Spannend sind auch Ergebnisse aus der Alzheimer-Forschung, wie Haslberger berichtet. „Neuroinflammation, Alterungsvorgänge und reduzierte Autophagie schädlicher Proteine im Gehirn werden mit gestörter Balance von Mikrobiota und deren Metaboliten in Zusammenhang gebracht.“ Daraus resultiere eine Beeinträchtigung der Blut-Hirn-Schranke und die Förderung von Neuroinflammation, Nervenschädigung und schließlich Neurodegeneration. Viele Bakterienstämme sind auch in der Lage, extrazelluläre Amyloide zu produzieren, welche die Darmbarriere und die Blut-Hirn-Schranke passieren können. Es kommt dabei auch zu einer Verbreitung des für den Abbau der kognitiven Funktion mitverantwortlichen Amyloid-beta (Aβ). Eine Dysbiose der Darmmikrobiota begünstigt diesen Prozess der Neurodegeneration somit.5, 6

Die Darm-Leber-Achse

Mehr als ein Viertel der Österreicher leidet unter einer nichtalkoholischen Fettleber (NAFLD). Der Lebensstil gilt dabei als Hauptauslöser. Das Darmmikrobiom spielt jedoch ebenfalls eine Rolle bei der Entstehung der Krankheit.

Das Zusammenspiel von Darm und Leber ist bereits recht gut erforscht. Besonders die Interaktionen zwischen Gallensäuren und dem Mikrobiom sind spannend. Die zunächst in der Leber synthetisierten Gallensäuren werden durch das Darmmikrobiom in eine sekundäre Form metabolisiert. „Auf diese Weise regulieren sie die Mikrobiotazusammensetzung direkt“, sagt Haslberger. Gallensäuren regulieren eine Überwucherung und die Zusammensetzung über den Farnesoid-X-Rezeptor (FXR) und den G-gekoppelten Membran-Rezeptor 5 (TGR-5).7 Umgekehrt könne eine Dysbiose dazu führen, dass lipopolysaccharidtragende Bakterien durch die Darmwand ins Blut treten, welche in der Leber zur Bildung proinflammatorischer Botenstoffe führen.
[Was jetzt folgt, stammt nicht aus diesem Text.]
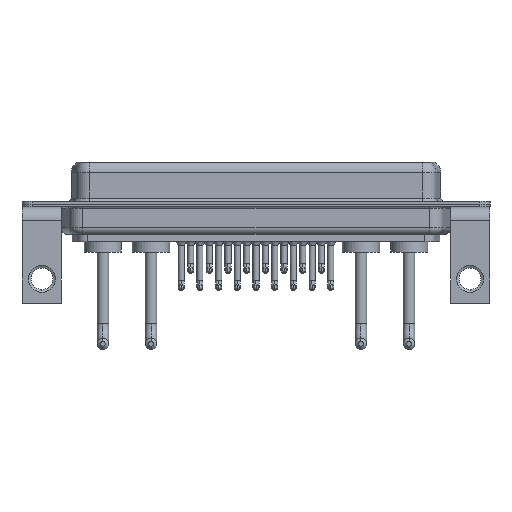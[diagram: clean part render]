
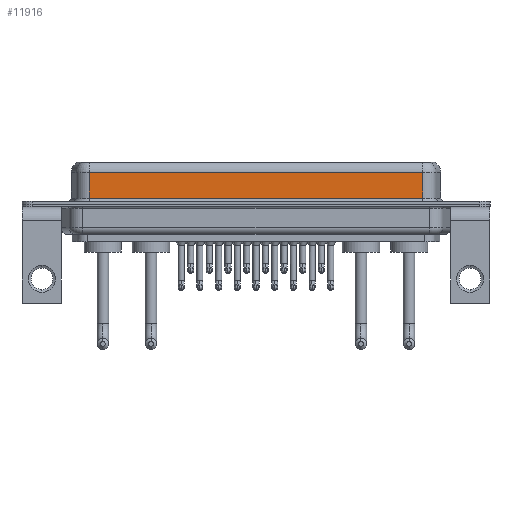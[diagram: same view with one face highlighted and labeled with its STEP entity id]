
A CAD part, front view. The second image highlights one B-rep face of the part: STEP entity #11916.
In plain terms, the highlighted planar face has unit normal (0, -1, 0).
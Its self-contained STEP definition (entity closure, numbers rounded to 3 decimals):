
#147 = EDGE_CURVE ( 'NONE', #21658, #11551, #12469, .T. ) ;
#1646 = CARTESIAN_POINT ( 'NONE',  ( 56.462, -3.95, 6.4 ) ) ;
#1962 = DIRECTION ( 'NONE',  ( 1., 0., 0. ) ) ;
#3037 = LINE ( 'NONE', #1646, #22165 ) ;
#3250 = VERTEX_POINT ( 'NONE', #12139 ) ;
#4416 = ORIENTED_EDGE ( 'NONE', *, *, #4469, .F. ) ;
#4469 = EDGE_CURVE ( 'NONE', #20727, #11551, #3037, .T. ) ;
#6838 = EDGE_CURVE ( 'NONE', #20727, #3250, #22439, .T. ) ;
#6859 = CARTESIAN_POINT ( 'NONE',  ( 56.462, -3.95, 6.4 ) ) ;
#7925 = ORIENTED_EDGE ( 'NONE', *, *, #147, .T. ) ;
#8530 = CARTESIAN_POINT ( 'NONE',  ( 7.038, -3.95, 6.4 ) ) ;
#10032 = ORIENTED_EDGE ( 'NONE', *, *, #20569, .T. ) ;
#10428 = DIRECTION ( 'NONE',  ( 0., 1., 0. ) ) ;
#10731 = CARTESIAN_POINT ( 'NONE',  ( 56.462, -3.95, 0.9 ) ) ;
#11551 = VERTEX_POINT ( 'NONE', #21988 ) ;
#11916 = ADVANCED_FACE ( 'NONE', ( #15606 ), #20798, .F. ) ;
#12139 = CARTESIAN_POINT ( 'NONE',  ( 7.038, -3.95, 4.65 ) ) ;
#12433 = VECTOR ( 'NONE', #1962, 1000. ) ;
#12469 = LINE ( 'NONE', #10731, #12433 ) ;
#12572 = ORIENTED_EDGE ( 'NONE', *, *, #6838, .T. ) ;
#13436 = VECTOR ( 'NONE', #15551, 1000. ) ;
#14943 = VECTOR ( 'NONE', #15079, 1000. ) ;
#15079 = DIRECTION ( 'NONE',  ( -1., 0., 0. ) ) ;
#15260 = DIRECTION ( 'NONE',  ( 0., 0., 1. ) ) ;
#15551 = DIRECTION ( 'NONE',  ( 0., 0., -1. ) ) ;
#15606 = FACE_OUTER_BOUND ( 'NONE', #17309, .T. ) ;
#17053 = CARTESIAN_POINT ( 'NONE',  ( 56.462, -3.95, 4.65 ) ) ;
#17309 = EDGE_LOOP ( 'NONE', ( #4416, #12572, #10032, #7925 ) ) ;
#18077 = CARTESIAN_POINT ( 'NONE',  ( 56.462, -3.95, 4.65 ) ) ;
#18350 = AXIS2_PLACEMENT_3D ( 'NONE', #6859, #10428, #15260 ) ;
#19015 = LINE ( 'NONE', #8530, #13436 ) ;
#20569 = EDGE_CURVE ( 'NONE', #3250, #21658, #19015, .T. ) ;
#20727 = VERTEX_POINT ( 'NONE', #18077 ) ;
#20798 = PLANE ( 'NONE',  #18350 ) ;
#20898 = DIRECTION ( 'NONE',  ( 0., 0., -1. ) ) ;
#21658 = VERTEX_POINT ( 'NONE', #22047 ) ;
#21988 = CARTESIAN_POINT ( 'NONE',  ( 56.462, -3.95, 0.9 ) ) ;
#22047 = CARTESIAN_POINT ( 'NONE',  ( 7.038, -3.95, 0.9 ) ) ;
#22165 = VECTOR ( 'NONE', #20898, 1000. ) ;
#22439 = LINE ( 'NONE', #17053, #14943 ) ;

Kurzkettige Fettsäuren als Gesundheitselixier

Die Fähigkeit von Mikroben, Faserstoffe zu fermentieren und daraus kurzkettige Fettsäuren zu synthetisieren, scheint von einer enormen Bedeutung für physiologische und pathophysiologische Prozesse zu sein. Die am besten untersuchten Fettsäuren dieser Art sind Butyrat, Propionat und Acetat. „Kurzkettige Fettsäuren wirken antientzündlich und sind epigenetisch wirksam, vor allem Butyrat und Betahydroxybutyrat“, sagt Haslberger. Erwiesen ist auch ein ernährender und stärkender Effekt auf die Darmzellen und die Darmbarriere. „So ist es nicht verwunderlich, dass Formulierungen von Butyrat und Betahydroxybutyrat als Wirkstoffe gegen Krankheiten des Metabolismus, der Haut, des Darms oder des Zentralnervensystems getestet werden. Fasten und kurzzeitige ketogene Diät führen zu einer erhöhten Produktion von kurzkettigen Fettsäuren, was zur Besserung von Depressionen und metabolischen Erkrankungen führt. Vor dem Hintergrund all dieser Erkenntnisse überrascht es nicht, dass die Wissenschaft intensiv nach Wegen sucht, Bakterien mit hoher Produktion von Butyrat im Darm zu finden oder zu fördern. Die Suche gestaltet sich laut Haslberger aber schwierig, „weil solche Bakterien wie zum Beispiel Faecalibacterium prausnitzii strenge Anaerobier sind und daher schwer hergestellt werden können“. Ein vielversprechender Ansatz ist das so genannte Cross-Feeding. „Ballaststoffe sollen das Wachstum von speziellen Bakteriengruppen fördern, welche kurzkettige Fettsäuren produzieren. Diese vermehren dann das Wachstum von butyratproduzierenden Bakterien.“ Bis es dazu konkrete Ergebnisse gibt, rät Haslberger zu einer unspezifischen guten Nahrung mit vielen Faserstoffen, vor allem Galaktooligosaccharide, denen von der EFSA sogar eine darmunterstützende Wirkung zugesprochen wurde.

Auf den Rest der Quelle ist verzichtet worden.